During his career he was involved in a number of high-profile defence cases as lawyer – people involved in market scams (Harshad Mehta and Ketan Parekh), and a host of gangsters and smugglers including the British citizen Daisy Angus who was acquitted of hashish smuggling after serving five years in jail. He also defended L. K. Advani in the Hawala scandal. He was in the news for taking up the defence of Manu Sharma, prime accused in the Murder of Jessica Lal; however, he failed to get Manu Sharma acquitted. He was to be defending Lalit Modi, former Indian Premier League chairman and commissioner. Some of the cases Jethmalani appeared in include — the defence of Indira Gandhi's alleged assassins, challenging the medical evidence deposed of Tirath Das Dogra, a forensic expert of AIIMS, on record; defending Harshad Mehta in a stock market scam and the Narasimha Rao bribery case; defending Ketan Parekh in a stock market scam; appearing in a case involving Mumbai mafia gang leader, Haji Mastan; speaking on record against the death sentence of Afzal Guru, though he had not taken up the case; defending L. K. Advani in the Hawala scandal; defending Manu Sharma in Jessica Lall's murder; defending Amit Shah in the Sohrabuddin encounter case; defending Amit Jogi in the Jaggi murder case; appearing for Sanjay Chandra's bail in the 2G spectrum case; appearing for Kulbhushan Parashar's bail in the navy war room leak case; defending Kanimozhi in the 2G spectrum case; appearing in Y. S. Jagan Mohan Reddy's special leave petition on stay for CBI probe into money laundering in his companies; appearing in B. S. Yediyurappa's case on an illegal mining scam; defending A. G. Perarivalan, T Suthendraraja alias Santhan, and Sriharan alias Murugan, all convicted in the Rajiv Gandhi assassination case; defending Ramdev in case of allaged use of force on his followers at Ramlila grounds on 4 June 2011; defending Shiv Sena in Krishna Desai's murder; defending Asaram in the Jodhpur sexual assault case; defending Lalu Prasad Yadav in the supreme court and appearing for his bail in the fodder scam case, on 13 December 2013; appearing for Subrata Roy in the Sahara-SEBI case; appearing for AIADMK leader J. Jayalalithaa, convicted in a disproportionate assets case by the Karnataka High Court; and, appearing for AAP president Arvind Kejriwal, in a defamation case filed by Arun Jaitley, among others.

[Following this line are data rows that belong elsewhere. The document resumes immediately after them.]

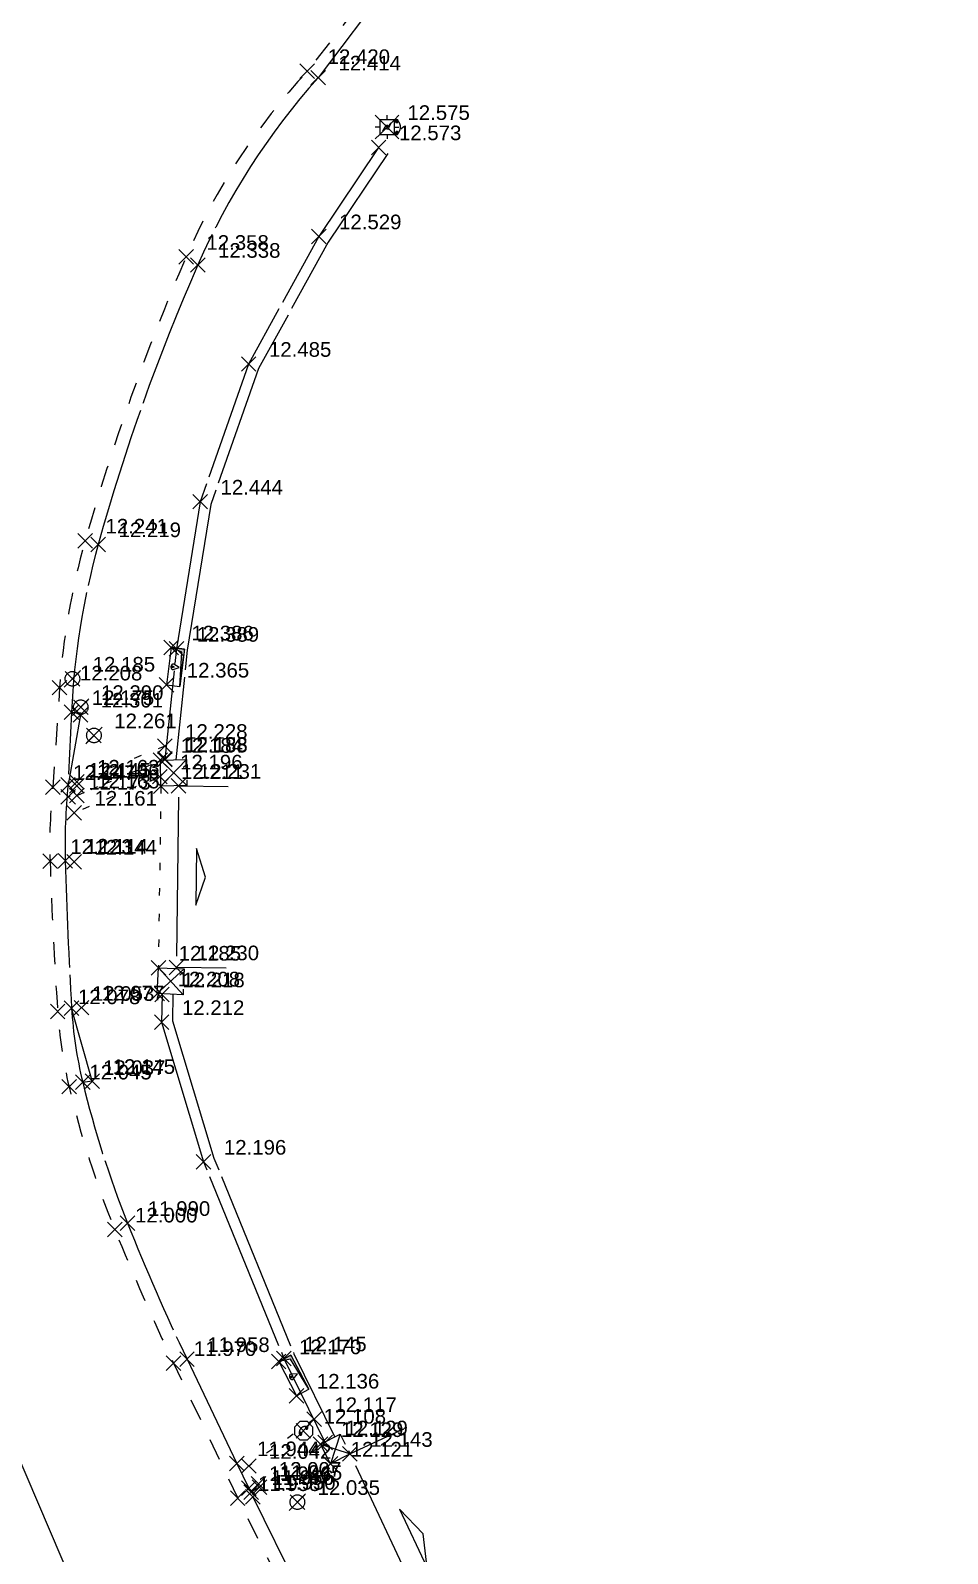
# Model space of a CAD drawing. Header units: metres. Extents: x 1224602 to 1224842, y 7187490 to 7187733.
# Drawn here: x 1224825.54 to 1224838.1, y 7187665.61 to 7187686.45 of the extents above; entities that cross this region are included whole.
import ezdxf

# ---------------------------------------------------------------- set-up
doc = ezdxf.new("R2010")
doc.units = ezdxf.units.M
doc.header["$PDMODE"] = 3
doc.header["$PDSIZE"] = 0.1
for name, pattern in [('LL_0822', [2.5, 2.5, 0]), ('LL_0824', [0.35, 0.1, -0.25]), ('LL_0827', [0.2, 0.1, -0.1]), ('LL_0829', [0.6, 0.3, -0.3]), ('SL_1146', [2.5, 2.5, 0]), ('Socle_Continu', [2.5, 2.5, 0])]:
    doc.linetypes.add(name, pattern=pattern)
for name, color, linetype, lineweight in [('CLOTU_SCS', 212, 'Socle_Continu', 13), ('EAUPO_SCS', 140, 'Socle_Continu', 13), ('ELECT_SCS', 1, 'Socle_Continu', 13), ('GAZFL_SCS', 40, 'Socle_Continu', 13), ('SIGTA_SCI', 7, 'Socle_Continu', 13), ('SIGTO_SCI', 255, 'Socle_Continu', 13), ('TELEC_SCS', 3, 'Socle_Continu', 13), ('VOIRI_SCS', 7, 'Socle_Continu', 13)]:
    doc.layers.add(name, color=color, linetype=linetype, lineweight=lineweight)
doc.layers.add('EAUPL_SCS', color=5, linetype='Socle_Continu', lineweight=13, true_color=0x0000ff)
doc.layers.add('EAUUS_SCT', color=7, linetype='Socle_Continu', lineweight=13, true_color=0x7f3f00)
doc.styles.get("Standard").update_dxf_attribs({"font": 'arial.ttf'})
doc.styles.add('Style_2', font='WINGDNG3.TTF')
doc.linetypes.add('BL_0068', pattern='A,0.508,-0.254,["}",Style_2,S=0.254,R=0,X=-0.2,Y=-0.12],0.254', length=1.016)
doc.linetypes.add('CL_0181', pattern='A,3,-0.15,0.4,-0.381,["eu",Standard,S=0.254,R=0,X=-0.2,Y=-0.1],-0.381,0.4,-0.15', length=4.862)

# ---------------------------------------------------------------- blocks, each defined once
blk = doc.blocks.new('YP_1521')
at = {"layer": 'SIGTO_SCI', "color": 7, "linetype": 'Socle_Continu'}
blk.add_point((0, 0), dxfattribs=at)
at = {"layer": 'SIGTA_SCI', "linetype": 'Socle_Continu'}
blk.add_attdef('ALT', (0.278, 0.099), '', height=0.2, dxfattribs=at)
at = {"layer": 'SIGTA_SCI', "linetype": 'Socle_Continu', "flags": 9}
blk.add_attdef('CALQUE_ALT', (1.69, -1.18), '', height=0.2, dxfattribs=at)
at = {"layer": 'SIGTO_SCI', "linetype": 'Socle_Continu', "flags": 9}
for tag, p in [('ID', (1.69, 0.105)), ('NATURE', (1.69, -0.216)), ('FAMILLE', (1.69, -0.538)), ('CALQUE', (1.69, -0.859)), ('PCRS', (1.69, -1.823))]:
    blk.add_attdef(tag, p, '', height=0.2, dxfattribs=at)
blk = doc.blocks.new('LP_0841')
at = {"layer": 'VOIRI_SCS', "linetype": 'Socle_Continu', "flags": 128}
blk.add_lwpolyline([(0, 0), (0, 0.5), (1, 0)], dxfattribs=at)
at = {"layer": 'VOIRI_SCS', "linetype": 'Socle_Continu', "flags": 9}
for tag, p in [('ID', (1.428, 0.548)), ('NATURE', (1.428, 0.227)), ('FAMILLE', (1.428, -0.095)), ('CALQUE', (1.428, -0.416)), ('PCRS', (1.428, -0.737))]:
    blk.add_attdef(tag, p, '', height=0.2, dxfattribs=at)
blk = doc.blocks.new('AP_0001')
at = {"layer": 'EAUPO_SCS', "linetype": 'Socle_Continu'}
blk.add_line((0.113, 0.113), (-0.113, -0.113), dxfattribs=at)
blk.add_circle((0, 0), 0.1, dxfattribs=at)
at = {"layer": 'EAUPO_SCS', "linetype": 'Socle_Continu', "flags": 9}
for tag, p in [('ID', (0.809, 0.507)), ('NATURE', (0.809, 0.186)), ('FAMILLE', (0.809, -0.135)), ('CALQUE', (0.809, -0.456)), ('PCRS', (0.809, -0.778))]:
    blk.add_attdef(tag, p, '', height=0.2, dxfattribs=at)
blk = doc.blocks.new('LP_0842')
at = {"layer": 'VOIRI_SCS', "linetype": 'Socle_Continu', "flags": 128}
blk.add_lwpolyline([(1, 0), (1, 0.5), (0, 0)], dxfattribs=at)
at = {"layer": 'VOIRI_SCS', "linetype": 'Socle_Continu', "flags": 9}
for tag, p in [('ID', (1.488, 0.614)), ('NATURE', (1.488, 0.292)), ('FAMILLE', (1.488, -0.029)), ('CALQUE', (1.488, -0.35)), ('PCRS', (1.488, -0.672))]:
    blk.add_attdef(tag, p, '', height=0.2, dxfattribs=at)
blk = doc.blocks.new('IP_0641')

On 9 September 2017, he announced his retirement from the legal profession.

=== Political career ===
Jethmalani's experience during the partition as a refugee led him to advocate for better relations between India and Pakistan, which he sought throughout his political career. He contested as an independent candidate from Ulhasnagar supported both by the Shiv Sena and Bharatiya Jana Sangh but he lost the elections. During the emergency period of 1975–1977, he was the chairman of the Bar Association of India. He heavily criticised then Prime Minister of India, Indira Gandhi. An arrest warrant was issued against him from Kerala which was stayed by the Bombay high court when over three hundred lawyers, led by Nani Palkhivala, appeared for him. However, the stay was nullified by the habeas corpus judgement in Additional District Magistrate of Jabalpur v. Shiv Kant Shukla. Jethmalani exiled himself in Canada carrying on his campaign against the emergency. He returned to India ten months later after the emergency was lifted. While in Canada, his candidature for the Parliament was filed from the Mumbai North West Lok Sabha constituency. He won the election and retained the seat in 1980 general elections, but lost to Sunil Dutt in 1985. In the 1977 general elections after the emergency, he won against then serving Union law minister H. R. Gokhale from Bombay in the Lok Sabha elections, and hence started his political career as a parliamentarian. However he was not made law minister himself as Morarji Desai disapproved of his lifestyle.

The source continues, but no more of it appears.